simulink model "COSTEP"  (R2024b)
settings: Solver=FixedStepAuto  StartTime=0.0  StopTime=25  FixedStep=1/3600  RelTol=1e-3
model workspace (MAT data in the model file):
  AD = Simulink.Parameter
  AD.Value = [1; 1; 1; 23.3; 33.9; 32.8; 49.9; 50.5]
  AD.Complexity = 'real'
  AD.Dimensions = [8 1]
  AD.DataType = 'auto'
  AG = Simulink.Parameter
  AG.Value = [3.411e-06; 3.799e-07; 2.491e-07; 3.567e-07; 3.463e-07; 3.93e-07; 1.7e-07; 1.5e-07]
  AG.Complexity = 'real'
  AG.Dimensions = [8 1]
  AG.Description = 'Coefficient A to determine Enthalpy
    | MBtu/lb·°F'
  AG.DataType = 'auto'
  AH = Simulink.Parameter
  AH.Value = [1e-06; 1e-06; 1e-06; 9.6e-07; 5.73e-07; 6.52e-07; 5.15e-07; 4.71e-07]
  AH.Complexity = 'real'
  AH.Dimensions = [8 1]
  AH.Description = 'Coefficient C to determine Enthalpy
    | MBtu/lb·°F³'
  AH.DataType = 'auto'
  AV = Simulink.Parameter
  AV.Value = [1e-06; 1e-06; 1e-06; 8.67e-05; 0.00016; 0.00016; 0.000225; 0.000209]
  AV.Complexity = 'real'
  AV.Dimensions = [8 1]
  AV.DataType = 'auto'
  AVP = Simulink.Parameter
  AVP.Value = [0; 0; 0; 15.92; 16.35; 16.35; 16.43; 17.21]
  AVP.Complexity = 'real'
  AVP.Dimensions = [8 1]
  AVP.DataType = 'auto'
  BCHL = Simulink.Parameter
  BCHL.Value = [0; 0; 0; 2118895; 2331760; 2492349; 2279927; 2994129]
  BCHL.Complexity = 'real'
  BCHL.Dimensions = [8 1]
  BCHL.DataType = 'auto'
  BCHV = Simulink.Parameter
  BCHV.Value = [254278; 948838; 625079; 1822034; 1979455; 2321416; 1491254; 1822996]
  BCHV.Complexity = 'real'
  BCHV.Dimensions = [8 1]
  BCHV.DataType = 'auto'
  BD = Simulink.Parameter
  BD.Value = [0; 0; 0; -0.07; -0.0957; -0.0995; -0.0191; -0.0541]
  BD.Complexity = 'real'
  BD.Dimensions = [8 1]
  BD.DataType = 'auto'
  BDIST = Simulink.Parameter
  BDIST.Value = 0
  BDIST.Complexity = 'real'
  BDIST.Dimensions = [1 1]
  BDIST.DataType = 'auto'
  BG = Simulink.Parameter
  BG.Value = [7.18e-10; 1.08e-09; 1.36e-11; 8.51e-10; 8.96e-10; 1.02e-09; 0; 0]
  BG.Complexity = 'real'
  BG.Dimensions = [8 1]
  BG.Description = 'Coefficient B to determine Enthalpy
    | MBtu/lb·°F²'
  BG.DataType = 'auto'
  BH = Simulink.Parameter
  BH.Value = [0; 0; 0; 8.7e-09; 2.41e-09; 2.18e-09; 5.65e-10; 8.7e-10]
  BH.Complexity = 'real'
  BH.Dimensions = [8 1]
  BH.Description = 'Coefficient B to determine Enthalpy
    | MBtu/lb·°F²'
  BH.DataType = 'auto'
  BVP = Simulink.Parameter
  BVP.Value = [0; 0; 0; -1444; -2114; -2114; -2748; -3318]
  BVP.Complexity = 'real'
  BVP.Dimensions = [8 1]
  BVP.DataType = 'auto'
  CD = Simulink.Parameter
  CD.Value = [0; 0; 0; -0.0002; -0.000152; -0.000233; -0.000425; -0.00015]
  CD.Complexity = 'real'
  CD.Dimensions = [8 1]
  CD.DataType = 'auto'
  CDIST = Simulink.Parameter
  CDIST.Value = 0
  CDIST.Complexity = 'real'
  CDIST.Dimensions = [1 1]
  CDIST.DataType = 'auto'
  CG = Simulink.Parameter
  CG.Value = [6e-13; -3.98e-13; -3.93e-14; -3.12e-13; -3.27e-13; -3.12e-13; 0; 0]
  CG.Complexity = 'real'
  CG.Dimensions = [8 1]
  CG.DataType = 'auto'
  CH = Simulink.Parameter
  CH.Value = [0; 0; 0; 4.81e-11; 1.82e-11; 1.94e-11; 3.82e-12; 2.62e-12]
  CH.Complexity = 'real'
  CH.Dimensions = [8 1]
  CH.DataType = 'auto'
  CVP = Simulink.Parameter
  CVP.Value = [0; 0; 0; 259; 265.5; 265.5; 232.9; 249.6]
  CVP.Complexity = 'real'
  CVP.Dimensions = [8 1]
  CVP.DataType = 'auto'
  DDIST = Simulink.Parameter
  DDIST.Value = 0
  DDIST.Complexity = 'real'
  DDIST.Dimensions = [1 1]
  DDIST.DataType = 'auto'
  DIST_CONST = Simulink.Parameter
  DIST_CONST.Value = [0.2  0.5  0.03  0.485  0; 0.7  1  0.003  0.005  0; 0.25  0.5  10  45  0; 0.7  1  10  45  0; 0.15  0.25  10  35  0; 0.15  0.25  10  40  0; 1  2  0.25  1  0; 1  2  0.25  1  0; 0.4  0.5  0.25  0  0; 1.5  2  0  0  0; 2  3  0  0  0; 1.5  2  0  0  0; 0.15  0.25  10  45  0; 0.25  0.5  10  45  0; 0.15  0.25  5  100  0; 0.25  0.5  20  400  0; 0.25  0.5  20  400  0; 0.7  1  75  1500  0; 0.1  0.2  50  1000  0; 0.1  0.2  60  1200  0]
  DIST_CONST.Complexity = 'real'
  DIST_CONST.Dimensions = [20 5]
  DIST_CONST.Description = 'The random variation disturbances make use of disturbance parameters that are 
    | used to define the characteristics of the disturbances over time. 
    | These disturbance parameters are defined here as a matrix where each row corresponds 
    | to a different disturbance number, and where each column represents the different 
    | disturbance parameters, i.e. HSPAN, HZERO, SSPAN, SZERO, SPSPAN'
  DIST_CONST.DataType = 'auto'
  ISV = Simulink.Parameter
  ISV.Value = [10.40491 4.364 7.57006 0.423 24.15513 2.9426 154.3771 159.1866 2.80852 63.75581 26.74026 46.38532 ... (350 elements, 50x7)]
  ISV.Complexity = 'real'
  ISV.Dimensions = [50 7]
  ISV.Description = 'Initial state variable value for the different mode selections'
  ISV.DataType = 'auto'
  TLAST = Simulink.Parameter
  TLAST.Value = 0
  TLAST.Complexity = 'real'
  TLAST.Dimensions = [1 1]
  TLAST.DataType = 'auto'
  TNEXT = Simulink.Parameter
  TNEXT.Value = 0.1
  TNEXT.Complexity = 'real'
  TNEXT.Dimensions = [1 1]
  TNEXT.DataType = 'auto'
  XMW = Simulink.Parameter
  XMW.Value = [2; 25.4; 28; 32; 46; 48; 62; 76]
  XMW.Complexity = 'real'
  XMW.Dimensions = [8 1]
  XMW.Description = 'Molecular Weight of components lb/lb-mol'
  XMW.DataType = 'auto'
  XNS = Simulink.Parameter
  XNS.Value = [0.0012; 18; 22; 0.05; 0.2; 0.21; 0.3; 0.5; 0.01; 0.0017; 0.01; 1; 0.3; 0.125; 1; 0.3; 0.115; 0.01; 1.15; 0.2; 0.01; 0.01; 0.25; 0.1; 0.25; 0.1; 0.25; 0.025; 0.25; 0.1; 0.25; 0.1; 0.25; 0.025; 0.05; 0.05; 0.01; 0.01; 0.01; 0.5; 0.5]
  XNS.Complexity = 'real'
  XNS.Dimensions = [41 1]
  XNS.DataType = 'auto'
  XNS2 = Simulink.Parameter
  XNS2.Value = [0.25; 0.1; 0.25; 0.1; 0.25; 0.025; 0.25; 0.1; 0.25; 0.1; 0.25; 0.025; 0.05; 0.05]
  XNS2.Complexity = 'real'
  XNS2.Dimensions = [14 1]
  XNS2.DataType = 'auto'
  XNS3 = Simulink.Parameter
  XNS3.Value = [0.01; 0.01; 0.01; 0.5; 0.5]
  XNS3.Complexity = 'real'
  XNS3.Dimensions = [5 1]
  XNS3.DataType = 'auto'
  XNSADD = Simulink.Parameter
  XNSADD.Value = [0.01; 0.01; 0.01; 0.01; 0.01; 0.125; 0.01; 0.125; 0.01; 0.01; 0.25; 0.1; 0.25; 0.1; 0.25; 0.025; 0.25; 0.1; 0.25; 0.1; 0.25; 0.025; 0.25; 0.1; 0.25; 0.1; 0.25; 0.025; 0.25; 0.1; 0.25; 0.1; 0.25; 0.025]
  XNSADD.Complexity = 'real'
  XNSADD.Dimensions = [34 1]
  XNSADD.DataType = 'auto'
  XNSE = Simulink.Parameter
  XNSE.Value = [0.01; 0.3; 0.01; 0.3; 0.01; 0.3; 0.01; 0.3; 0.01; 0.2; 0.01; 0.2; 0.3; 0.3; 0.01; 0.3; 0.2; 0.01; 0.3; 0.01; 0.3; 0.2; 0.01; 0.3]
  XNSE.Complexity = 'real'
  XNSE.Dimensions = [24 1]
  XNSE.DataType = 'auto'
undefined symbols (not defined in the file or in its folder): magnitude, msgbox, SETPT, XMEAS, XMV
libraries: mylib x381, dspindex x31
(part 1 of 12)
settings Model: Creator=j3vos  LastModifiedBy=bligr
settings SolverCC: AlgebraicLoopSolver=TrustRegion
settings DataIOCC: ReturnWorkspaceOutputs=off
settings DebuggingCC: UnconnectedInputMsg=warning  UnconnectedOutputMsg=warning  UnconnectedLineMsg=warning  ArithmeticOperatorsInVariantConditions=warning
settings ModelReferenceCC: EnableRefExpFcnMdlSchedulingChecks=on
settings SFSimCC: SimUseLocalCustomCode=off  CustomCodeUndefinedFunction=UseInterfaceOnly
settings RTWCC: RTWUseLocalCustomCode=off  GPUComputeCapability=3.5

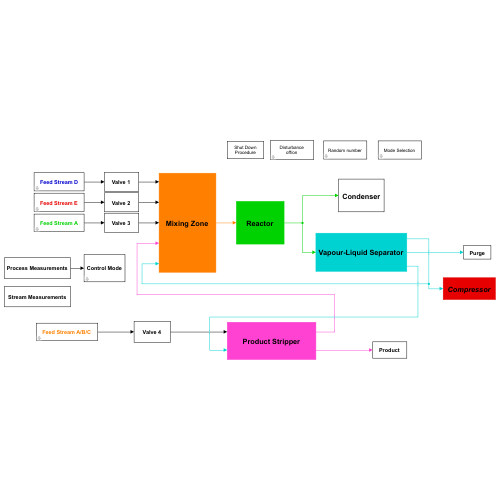
[thumbnail: Simulink's stored preview of the top-level diagram]
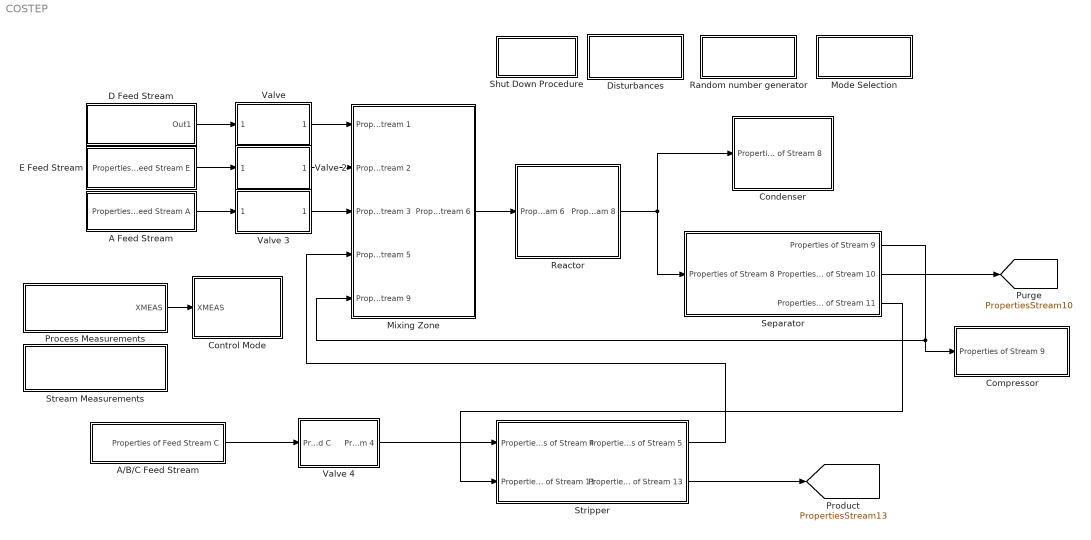
== system COSTEP ==
  A Feed Stream : Subsystem  mask{XST3_A=0.9999, XST3_B=0.0001, XST3_C=0, XST3_D=0, XST3_E=0, XST3_F=0, XST3_G=0, XST3_H=0, TST3=45, VRNG3=100}
      mask prompts: XST3_A "Fraction of A in Stream 3"; XST3_B "Fraction of B in Stream 3"; XST3_C "Fraction of C in Stream 3"; XST3_D "Fraction of D in Stream 3"; XST3_E "Fraction of E in Stream 3"; XST3_F "Fraction of F in Stream 3"; XST3_G "Fraction of G in Stream 3"; XST3_H "Fraction of H in Stream 3"; TST3 "Temperature of Stream 3"; VRNG3 "Maximum flow of Stream 3"
      mask DialogControl DescTextVar Prompt: Enter the Composition, Temperature and Mass Flow of Feed Stream A entering the plant
      mask DialogControl ParameterGroupVar Prompt: Properties of Feed Stream A
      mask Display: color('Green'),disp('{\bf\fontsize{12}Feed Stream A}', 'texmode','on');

### WHAT IS BEING ASKED
Using the entries above, output exactly the lines between the line holding "BVP.Complexity = 'real'" and the line holding "DIST_CONST.Complexity = 'real'", end lines included, and nothing more.

### EXERCISE RESULT
  BVP.Complexity = 'real'
  BVP.Dimensions = [8 1]
  BVP.DataType = 'auto'
  CD = Simulink.Parameter
  CD.Value = [0; 0; 0; -0.0002; -0.000152; -0.000233; -0.000425; -0.00015]
  CD.Complexity = 'real'
  CD.Dimensions = [8 1]
  CD.DataType = 'auto'
  CDIST = Simulink.Parameter
  CDIST.Value = 0
  CDIST.Complexity = 'real'
  CDIST.Dimensions = [1 1]
  CDIST.DataType = 'auto'
  CG = Simulink.Parameter
  CG.Value = [6e-13; -3.98e-13; -3.93e-14; -3.12e-13; -3.27e-13; -3.12e-13; 0; 0]
  CG.Complexity = 'real'
  CG.Dimensions = [8 1]
  CG.DataType = 'auto'
  CH = Simulink.Parameter
  CH.Value = [0; 0; 0; 4.81e-11; 1.82e-11; 1.94e-11; 3.82e-12; 2.62e-12]
  CH.Complexity = 'real'
  CH.Dimensions = [8 1]
  CH.DataType = 'auto'
  CVP = Simulink.Parameter
  CVP.Value = [0; 0; 0; 259; 265.5; 265.5; 232.9; 249.6]
  CVP.Complexity = 'real'
  CVP.Dimensions = [8 1]
  CVP.DataType = 'auto'
  DDIST = Simulink.Parameter
  DDIST.Value = 0
  DDIST.Complexity = 'real'
  DDIST.Dimensions = [1 1]
  DDIST.DataType = 'auto'
  DIST_CONST = Simulink.Parameter
  DIST_CONST.Value = [0.2  0.5  0.03  0.485  0; 0.7  1  0.003  0.005  0; 0.25  0.5  10  45  0; 0.7  1  10  45  0; 0.15  0.25  10  35  0; 0.15  0.25  10  40  0; 1  2  0.25  1  0; 1  2  0.25  1  0; 0.4  0.5  0.25  0  0; 1.5  2  0  0  0; 2  3  0  0  0; 1.5  2  0  0  0; 0.15  0.25  10  45  0; 0.25  0.5  10  45  0; 0.15  0.25  5  100  0; 0.25  0.5  20  400  0; 0.25  0.5  20  400  0; 0.7  1  75  1500  0; 0.1  0.2  50  1000  0; 0.1  0.2  60  1200  0]
  DIST_CONST.Complexity = 'real'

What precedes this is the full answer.